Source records
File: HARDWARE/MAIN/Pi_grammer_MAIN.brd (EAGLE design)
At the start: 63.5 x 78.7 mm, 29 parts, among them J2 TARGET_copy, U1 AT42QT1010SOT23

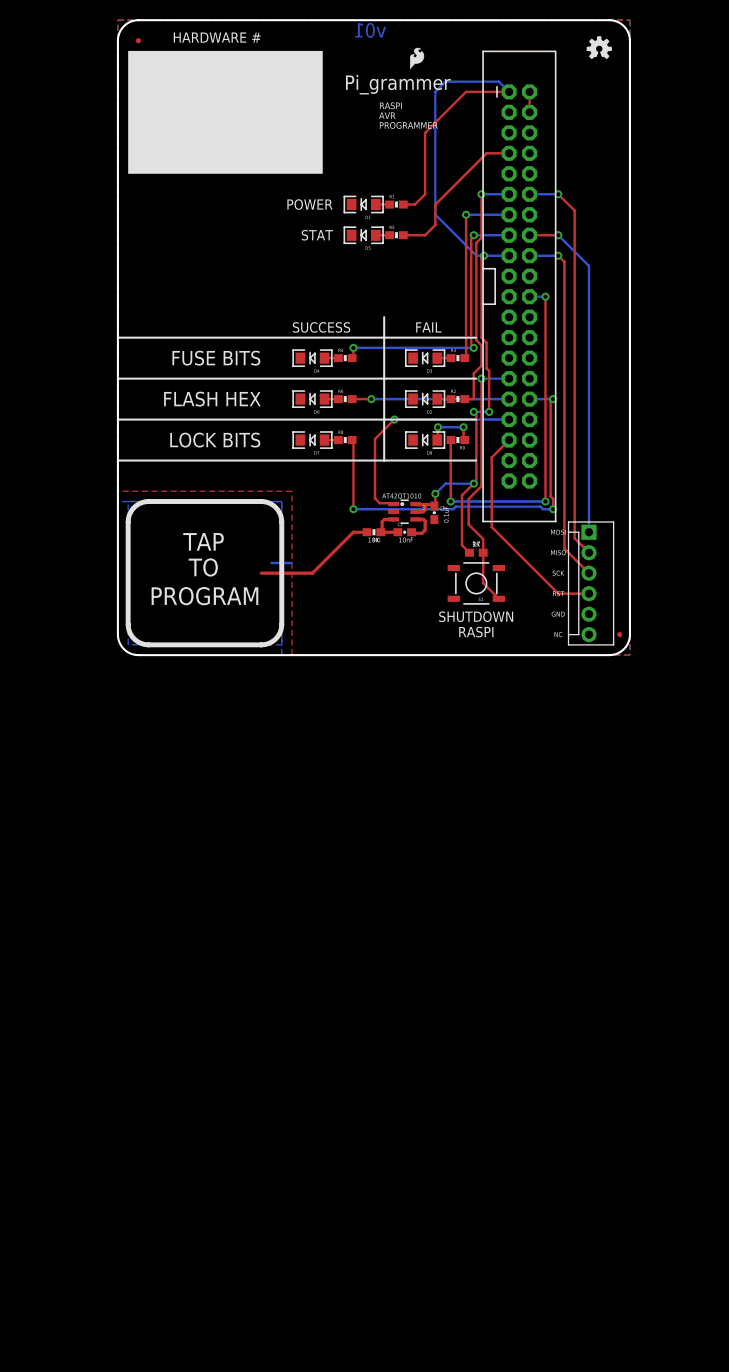
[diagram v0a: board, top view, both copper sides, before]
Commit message: SPI pins and llc
Just SCH work at this point.
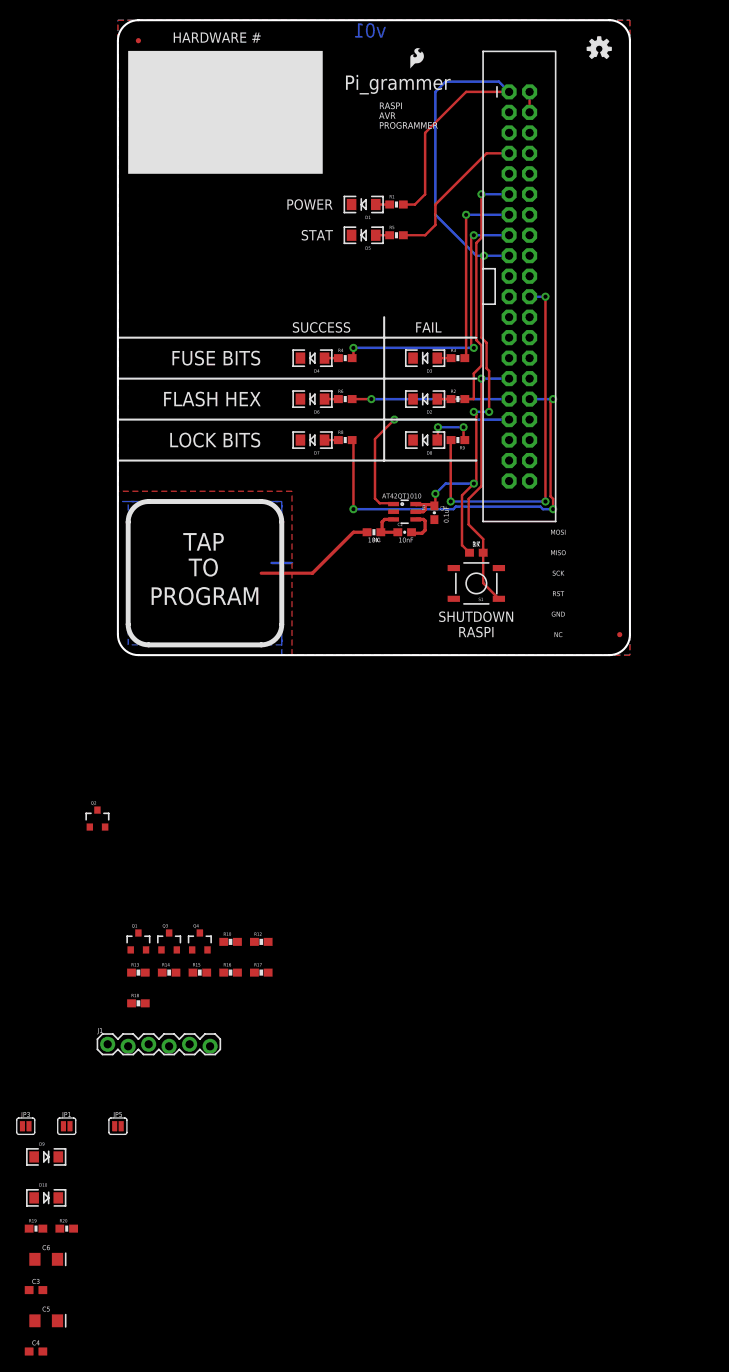
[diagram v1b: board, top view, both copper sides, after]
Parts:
- removed FRAME1: FRAME-LETTER, SparkFun-Aesthetics:CREATIVE_COMMONS
- removed J2: TARGET_copy, SparkFun-Connectors:MOLEX-1X6
- added C3, C4: 0.1uF, SparkFun-Capacitors:0603
- added C5, C6: 10uF, SparkFun-Capacitors:EIA3216
- added D10: RED, SparkFun-LED:LED-1206
- added D9: GREEN, SparkFun-LED:LED-1206
- added J1: TARGET_copy, SparkFun-Connectors:1X06-SIP_LOCK
- added JP1, JP3, JP5: (no value), SparkFun-Jumpers:SMT-JUMPER_2_NO_SILK
- added Q1, Q2, Q3, Q4: BSS138, SparkFun:SOT23-3
- added R10, R12, R13, R14, R15, R16, R17, R18: 10K, SparkFun:0603-RES
- added R19, R20: 1K, SparkFun-Resistors:0603-RES
- FD1, FD2: device SparkFun-Aesthetics:FIDUCIAL-MICRO -> SparkFun-Aesthetics:MICRO-FIDUCIAL
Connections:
- removed net GP26: JP2.37
- removed net SCLK: JP2.23
- new net N$12: JP1.1, JP3.1, JP5.1, R12.1, R14.1, R16.1, R18.1
- new net N$13: D9.A, R19.1
- new net N$14: D10.A, R20.1
- new net RST: JP2.37, Q2.2, R10.2
- new net SCK: JP2.23, Q1.2, R13.2
- new net SERIAL_UPLOAD_FAIL: R20.2
- new net SERIAL_UPLOAD_PASS: R19.2
- new net VCC_T: C4.1, C5.+, J1.6, JP5.2
- net 3.3V: now also C3.1, C6.+, JP1.2, Q1.1, Q2.1, Q3.1, Q4.1, R10.1, R13.1, R15.1, R17.1
- net 5V: now also JP3.2
- net GND: now also C3.2, C4.2, C5.-, C6.-, D10.C, D9.C, J1.5; no longer J2.5
- net MISO: now also Q3.2, R15.2
- net MISO_T: now also J1.2, Q3.3, R16.2; no longer J2.2, JP2.12
- net MOSI: now also Q4.2, R17.2
- net MOSI_T: now also J1.1, Q4.3, R18.2; no longer J2.1, JP2.16
- net RST_T: now also J1.4, Q2.3, R12.2; no longer J2.4, JP2.35
- net SCK_T: now also J1.3, Q1.3, R14.2; no longer J2.3, JP2.18
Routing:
- net MISO_T: track 49.6 -> 0.00 mm, vias 1 -> 0
- net SCK_T: track 44.5 -> 0.00 mm, vias 1 -> 0
- net MOSI_T: track 42.0 -> 0.00 mm, vias 1 -> 0
- net RST_T: track 27.2 -> 0.00 mm

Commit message: Initial part placement
still need to possibly swap out the capsense IC, so not gonna route
anything yet.

ALSO - the serial upload pins need to be connected to GPIO - need to
verify which pins can drive LEDs.
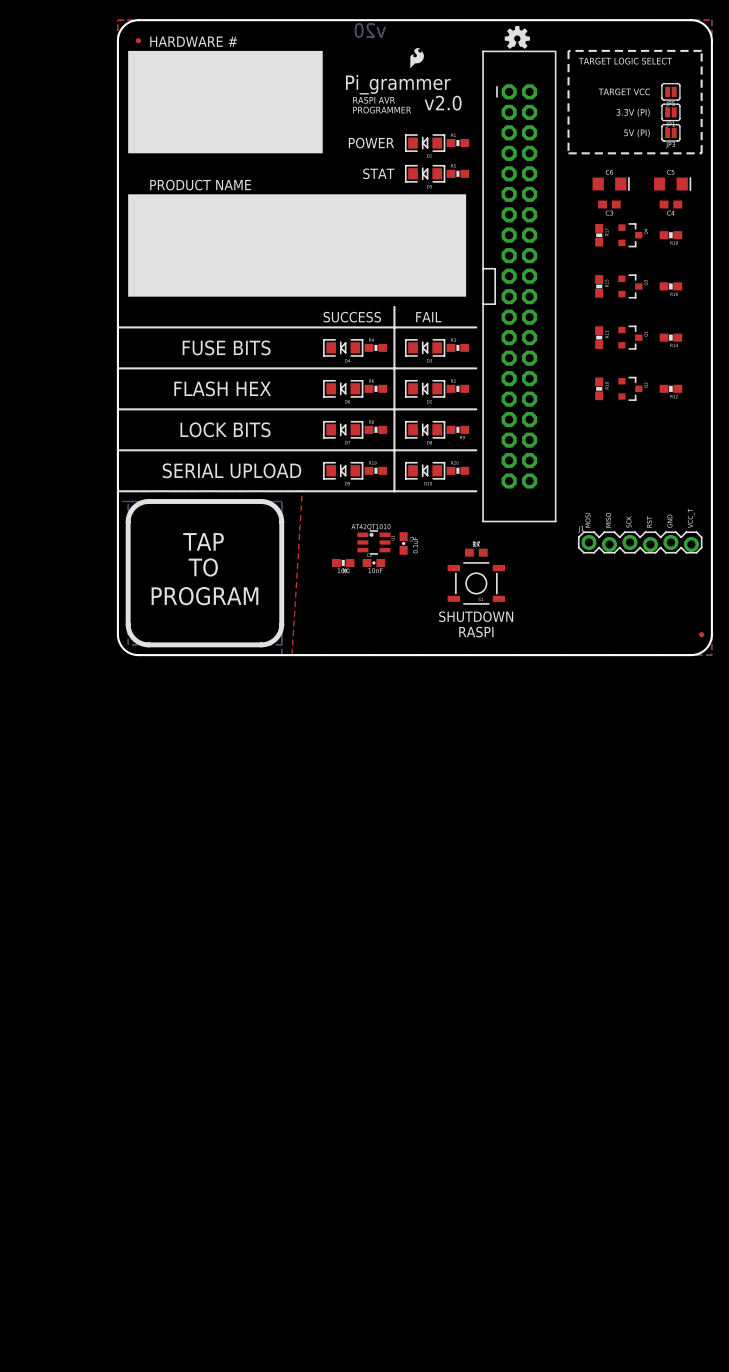
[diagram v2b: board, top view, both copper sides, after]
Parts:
- moved C4 162.6 mm to (68.6, 55.9), turned to 180 degrees
- moved C5 160.9 mm to (68.6, 58.4)
- moved C3 152.3 mm to (61.0, 55.9), turned to 180 degrees
- moved C6 150.5 mm to (61.0, 58.4)
- moved JP3 146.9 mm to (68.6, 64.8), turned to 180 degrees
- moved JP1 146.4 mm to (68.6, 67.3), turned to 180 degrees
- moved JP5 145.5 mm to (68.6, 69.8), turned to 180 degrees
- moved R18 115.9 mm to (68.6, 52.1), turned to 180 degrees
- moved R20 105.8 mm to (42.2, 22.9)
- moved R19 103.0 mm to (32.0, 22.9)
- moved Q4 102.6 mm to (63.5, 52.1), turned to 270 degrees
- moved D10 101.7 mm to (38.1, 22.9), turned to 180 degrees
- moved R16 101.1 mm to (68.6, 45.7), turned to 180 degrees
- moved R17 100.6 mm to (59.7, 52.1), turned to 270 degrees
- moved R14 100.4 mm to (68.6, 39.4), turned to 180 degrees
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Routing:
- net 3.3V: track 111.9 -> 0.00 mm, vias 5 -> 0
- net LOCK_BITS_PASS: track 50.6 -> 0.00 mm, vias 3 -> 0
- net LOCK_BITS_FAIL: track 46.8 -> 0.00 mm, vias 3 -> 0
- net FUSE_BITS_PASS: track 35.0 -> 0.00 mm, vias 3 -> 0
- net SHUTDOWN: track 32.9 -> 0.00 mm, vias 1 -> 0
- net FLASH_HEX_FAIL: track 30.9 -> 0.00 mm, vias 1 -> 0
- net CAPSENSE: track 27.8 -> 0.00 mm, vias 1 -> 0
- net FUSE_BITS_FAIL: track 23.3 -> 0.00 mm, vias 1 -> 0
- net FLASH_HEX_PASS: track 19.5 -> 0.00 mm, vias 1 -> 0
- net SCRIPT: track 18.8 -> 0.00 mm
- net PAD: track 15.2 -> 0.00 mm
- net N$8: track 6.59 -> 0.00 mm, vias 2 -> 0
- net N$11: track 5.00 -> 0.00 mm
- net N$10: track 4.29 -> 0.00 mm
- net GND: track 2.54 -> 0.00 mm
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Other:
- board size 63.5 x 78.7 mm -> 73.7 x 78.7 mm
- board text added: "3.3V (PI)"
- board text added: "5V (PI)"
- board text added: "PRODUCT NAME"
- board text added: "TARGET LOGIC SELECT"
- board text added: "TARGET VCC"
- board text added: "VCC_T"
- board text added: "v2.0"
- board text added: "v20"
- board text removed: "NC"
- board text removed: "Pete Lewis"
- board text removed: "v01"

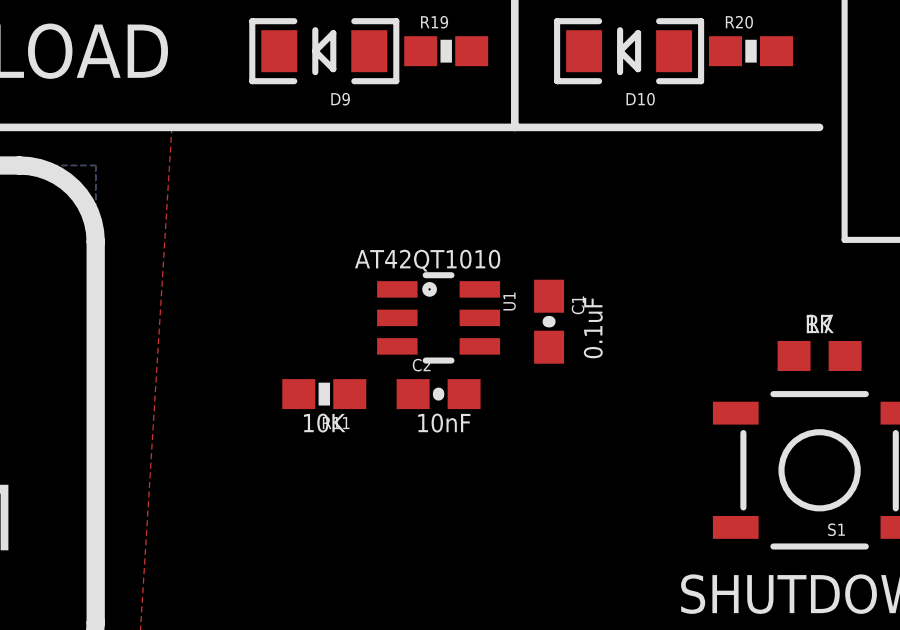
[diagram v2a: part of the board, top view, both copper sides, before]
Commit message: capsense IC replacement
trying out the UDFN package - dang that's tiny
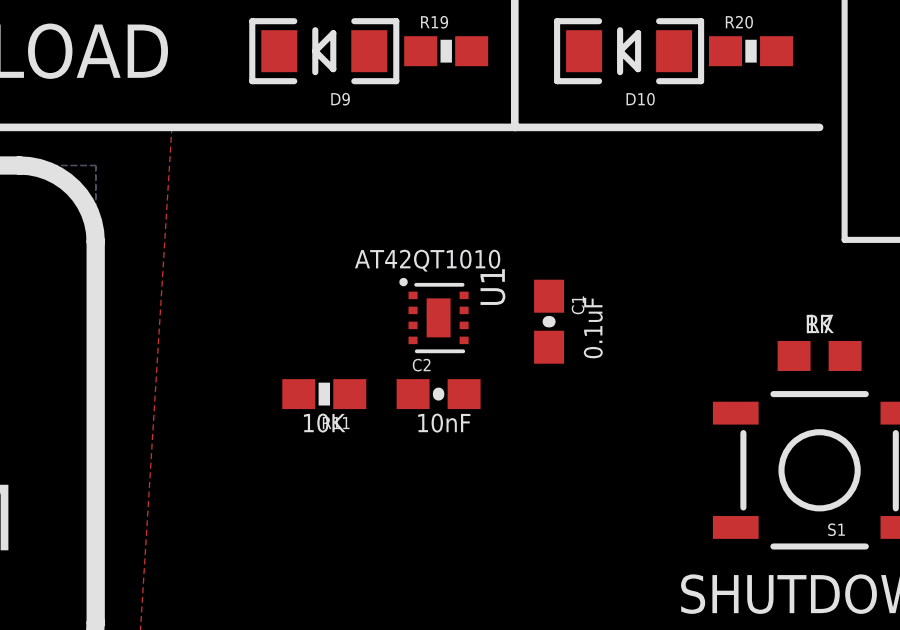
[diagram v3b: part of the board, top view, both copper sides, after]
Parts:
- U1: value AT42QT1010SOT23 -> AT42QT1010UDFN; device SparkFun-DigitalIC:SOT23-6 -> Testing:UDFN/USON_8_PAD
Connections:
- net 3.3V: now also U1.7; no longer U1.5
- net CAPSENSE: now also U1.5; no longer U1.1
- net GND: now also U1.4; no longer U1.2
- net N$10: now also U1.8; no longer U1.4
- net N$11: now also U1.1; no longer U1.3
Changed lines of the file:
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@@
 <layer number="47" name="Measures" color="7" fill="1" visible="no" active="yes"/>
 <layer number="48" name="Document" color="7" fill="1" visible="no" active="yes"/>
-<layer number="49" name="Reference" color="13" fill="1" visible="yes" active="yes"/>
+<layer number="49" name="Reference" color="13" fill="1" visible="no" active="yes"/>
 <layer number="50" name="dxf" color="7" fill="1" visible="no" active="yes"/>
 <layer number="51" name="tDocu" color="6" fill="1" visible="yes" active="yes"/>
@@
 <layer number="230" name="230bmp" color="7" fill="1" visible="no" active="yes"/>
 <layer number="231" name="231bmp" color="7" fill="1" visible="no" active="yes"/>
+<layer number="232" name="Eagle3D_PG2" color="7" fill="1" visible="yes" active="yes"/>
+<layer number="233" name="Eagle3D_PG3" color="7" fill="1" visible="yes" active="yes"/>
 <layer number="248" name="Housing" color="7" fill="1" visible="no" active="yes"/>
 <layer number="249" name="Edge" color="7" fill="1" visible="no" active="yes"/>
@@
 <element name="LOGO1" library="SparkFun-Aesthetics" package="SFE_LOGO_FLAME_.1" value="SFE_LOGO_FLAME.1_INCH" x="35.941" y="72.39"/>
 <element name="LOGO2" library="SparkFun-Aesthetics" package="OSHW-LOGO-S" value="OSHW-LOGOS" x="49.53" y="76.454"/>
-<element name="U1" library="SparkFun-DigitalIC" package="SOT23-6" value="AT42QT1010SOT23" x="31.75" y="13.97" rot="R270">
+<element name="U1" library="Testing" package="UDFN/USON_8_PAD" value="AT42QT1010UDFN" x="31.75" y="13.97" rot="R270">
 <attribute name="PROD_ID" value="IC-11778" x="31.75" y="13.97" size="1.778" layer="27" rot="R270" display="off"/>
 </element>
@@
 <contactref element="S1" pad="3"/>
 <contactref element="C1" pad="2"/>
-<contactref element="U1" pad="2"/>
+<contactref element="U1" pad="4"/>
 <polygon width="0.3048" layer="16" pour="hatch" isolate="0.3048">
 <vertex x="20.32" y="1.27"/>
@@
 <contactref element="R7" pad="1"/>
 <contactref element="U1" pad="6"/>
-<contactref element="U1" pad="5"/>
+<contactref element="U1" pad="7"/>
 <contactref element="C1" pad="1"/>
 <contactref element="Q2" pad="1"/>
@@
 <wire x1="43.6" y1="12.7" x2="59.69" y2="33.87" width="0" layer="19" extent="1-1"/>
 <wire x1="35.433" y1="14.693" x2="43.6" y2="12.7" width="0" layer="19" extent="1-1"/>
-<wire x1="33.1251" y1="14.92" x2="35.433" y2="14.693" width="0" layer="19" extent="1-1"/>
-<wire x1="33.1251" y1="13.97" x2="33.1251" y2="14.92" width="0" layer="19" extent="1-1"/>
+<wire x1="32.6016" y1="13.72" x2="35.433" y2="14.693" width="0" layer="19" extent="1-1"/>
+<wire x1="32.6016" y1="14.22" x2="32.6016" y2="13.72" width="0" layer="19" extent="1-1"/>
 </signal>
 <signal name="TXO">
@@
 </signal>
 <signal name="N$10">
-<contactref element="U1" pad="4"/>
+<contactref element="U1" pad="8"/>
 <contactref element="C2" pad="2"/>
-<wire x1="32.6" y1="11.43" x2="33.1251" y2="13.02" width="0" layer="19" extent="1-1"/>
+<wire x1="32.6" y1="11.43" x2="32.6016" y2="14.72" width="0" layer="19" extent="1-1"/>
 </signal>
 <signal name="N$11">
-<contactref element="U1" pad="3"/>
+<contactref element="U1" pad="1"/>
 <contactref element="R11" pad="1"/>
 <contactref element="C2" pad="1"/>
-<wire x1="30.9" y1="11.43" x2="30.3749" y2="13.02" width="0" layer="19" extent="1-1"/>
+<wire x1="30.9" y1="11.43" x2="30.8984" y2="14.72" width="0" layer="19" extent="1-1"/>
 <wire x1="28.79" y1="11.43" x2="30.9" y2="11.43" width="0" layer="19" extent="1-1"/>
 </signal>
@@
 <signal name="CAPSENSE">
 <contactref element="JP2" pad="33"/>
-<contactref element="U1" pad="1"/>
-<wire x1="30.3749" y1="14.92" x2="48.514" y2="29.21" width="0" layer="19" extent="1-1"/>
+<contactref element="U1" pad="5"/>
+<wire x1="32.6016" y1="13.22" x2="48.514" y2="29.21" width="0" layer="19" extent="1-1"/>
 </signal>
 <signal name="N$8">

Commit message: finished layout v20
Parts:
- moved C1 7.62 mm to (27.8, 14.1), turned to 180 degrees
- moved C5 1.02 mm to (67.6, 58.4)
- moved C4 0.52 mm to (68.1, 55.8)
- moved C3 0.51 mm to (61.5, 55.9)
- turned C2 to 180 degrees
- turned R9 to 0 degrees
- turned U1 to 90 degrees
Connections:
- removed net N$12: JP1.1, JP3.1, JP5.1, R12.1, R14.1, R16.1, R18.1
- new net N$9: C4.1, C5.+, JP1.1, JP3.1, JP5.1, R12.1, R14.1, R16.1, R18.1
- net SERIAL_UPLOAD_FAIL: now also JP2.18
- net SERIAL_UPLOAD_PASS: now also JP2.16
- net VCC_T: no longer C4.1, C5.+
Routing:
- net 3.3V: track 0.00 -> 154.4 mm, vias 0 -> 6
- net VCC_T: track 0.00 -> 65.0 mm
- net SERIAL_UPLOAD_FAIL: track 0.00 -> 52.3 mm, vias 0 -> 3
- net MOSI_T: track 0.00 -> 44.4 mm, vias 0 -> 1
- net SERIAL_UPLOAD_PASS: track 0.00 -> 41.6 mm, vias 0 -> 3
- net MISO_T: track 0.00 -> 37.2 mm, vias 0 -> 1
- net N$9: track 0.00 -> 37.2 mm
- net SHUTDOWN: track 0.00 -> 31.0 mm, vias 0 -> 1
- net FLASH_HEX_FAIL: track 0.00 -> 30.0 mm, vias 0 -> 1
- net LOCK_BITS_FAIL: track 0.00 -> 29.3 mm, vias 0 -> 1
- net SCK_T: track 0.00 -> 29.0 mm
- net CAPSENSE: track 0.00 -> 28.5 mm, vias 0 -> 1
- net FUSE_BITS_PASS: track 0.00 -> 25.1 mm
- net RST_T: track 0.00 -> 23.1 mm
- net 5V: track 0.00 -> 21.8 mm, vias 0 -> 1
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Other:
- board text removed: "GP20"
- board text removed: "GP21"

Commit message: updated SFE flame to proper polygon width dran package
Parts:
- LOGO1: value SFE_LOGO_FLAME.1_INCH -> SFE_LOGO_FLAME.2_INCH; device SparkFun-Aesthetics:SFE_LOGO_FLAME_.1 -> SparkFun-Aesthetics:SFE_LOGO_FLAME_.2
- moved LOGO1 1.65 mm to (34.3, 72.4)
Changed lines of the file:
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@@
 <layer number="47" name="Measures" color="7" fill="1" visible="no" active="yes"/>
 <layer number="48" name="Document" color="7" fill="1" visible="no" active="yes"/>
-<layer number="49" name="Reference" color="13" fill="1" visible="yes" active="yes"/>
+<layer number="49" name="Reference" color="13" fill="1" visible="no" active="yes"/>
 <layer number="50" name="dxf" color="7" fill="1" visible="no" active="yes"/>
 <layer number="51" name="tDocu" color="6" fill="1" visible="yes" active="yes"/>
@@
 <attribute name="VALUE" value="GREEN" x="27.94" y="27.94" size="1.778" layer="27" rot="R180" display="off"/>
 </element>
-<element name="LOGO1" library="SparkFun-Aesthetics" package="SFE_LOGO_FLAME_.1" value="SFE_LOGO_FLAME.1_INCH" x="35.941" y="72.39"/>
 <element name="LOGO2" library="SparkFun-Aesthetics" package="OSHW-LOGO-S" value="OSHW-LOGOS" x="49.53" y="76.454"/>
 <element name="U1" library="Testing" package="UDFN/USON_8_PAD" value="AT42QT1010UDFN" x="31.75" y="13.97" rot="R90">
@@
 <attribute name="PROD_ID" value="CAP-00811" x="67.564" y="54.61" size="1.778" layer="27" font="vector" ratio="15" display="off"/>
 </element>
+<element name="LOGO1" library="SparkFun-Aesthetics" package="SFE_LOGO_FLAME_.2" value="SFE_LOGO_FLAME.2_INCH" x="34.29" y="72.39"/>
 </elements>
 <signals>

— How to complete this task —
All lines holding the word "after" must be copied from the data.

— Exercise answer —
[diagram v1b: board, top view, both copper sides, after]
[diagram v2b: board, top view, both copper sides, after]
[diagram v3b: part of the board, top view, both copper sides, after]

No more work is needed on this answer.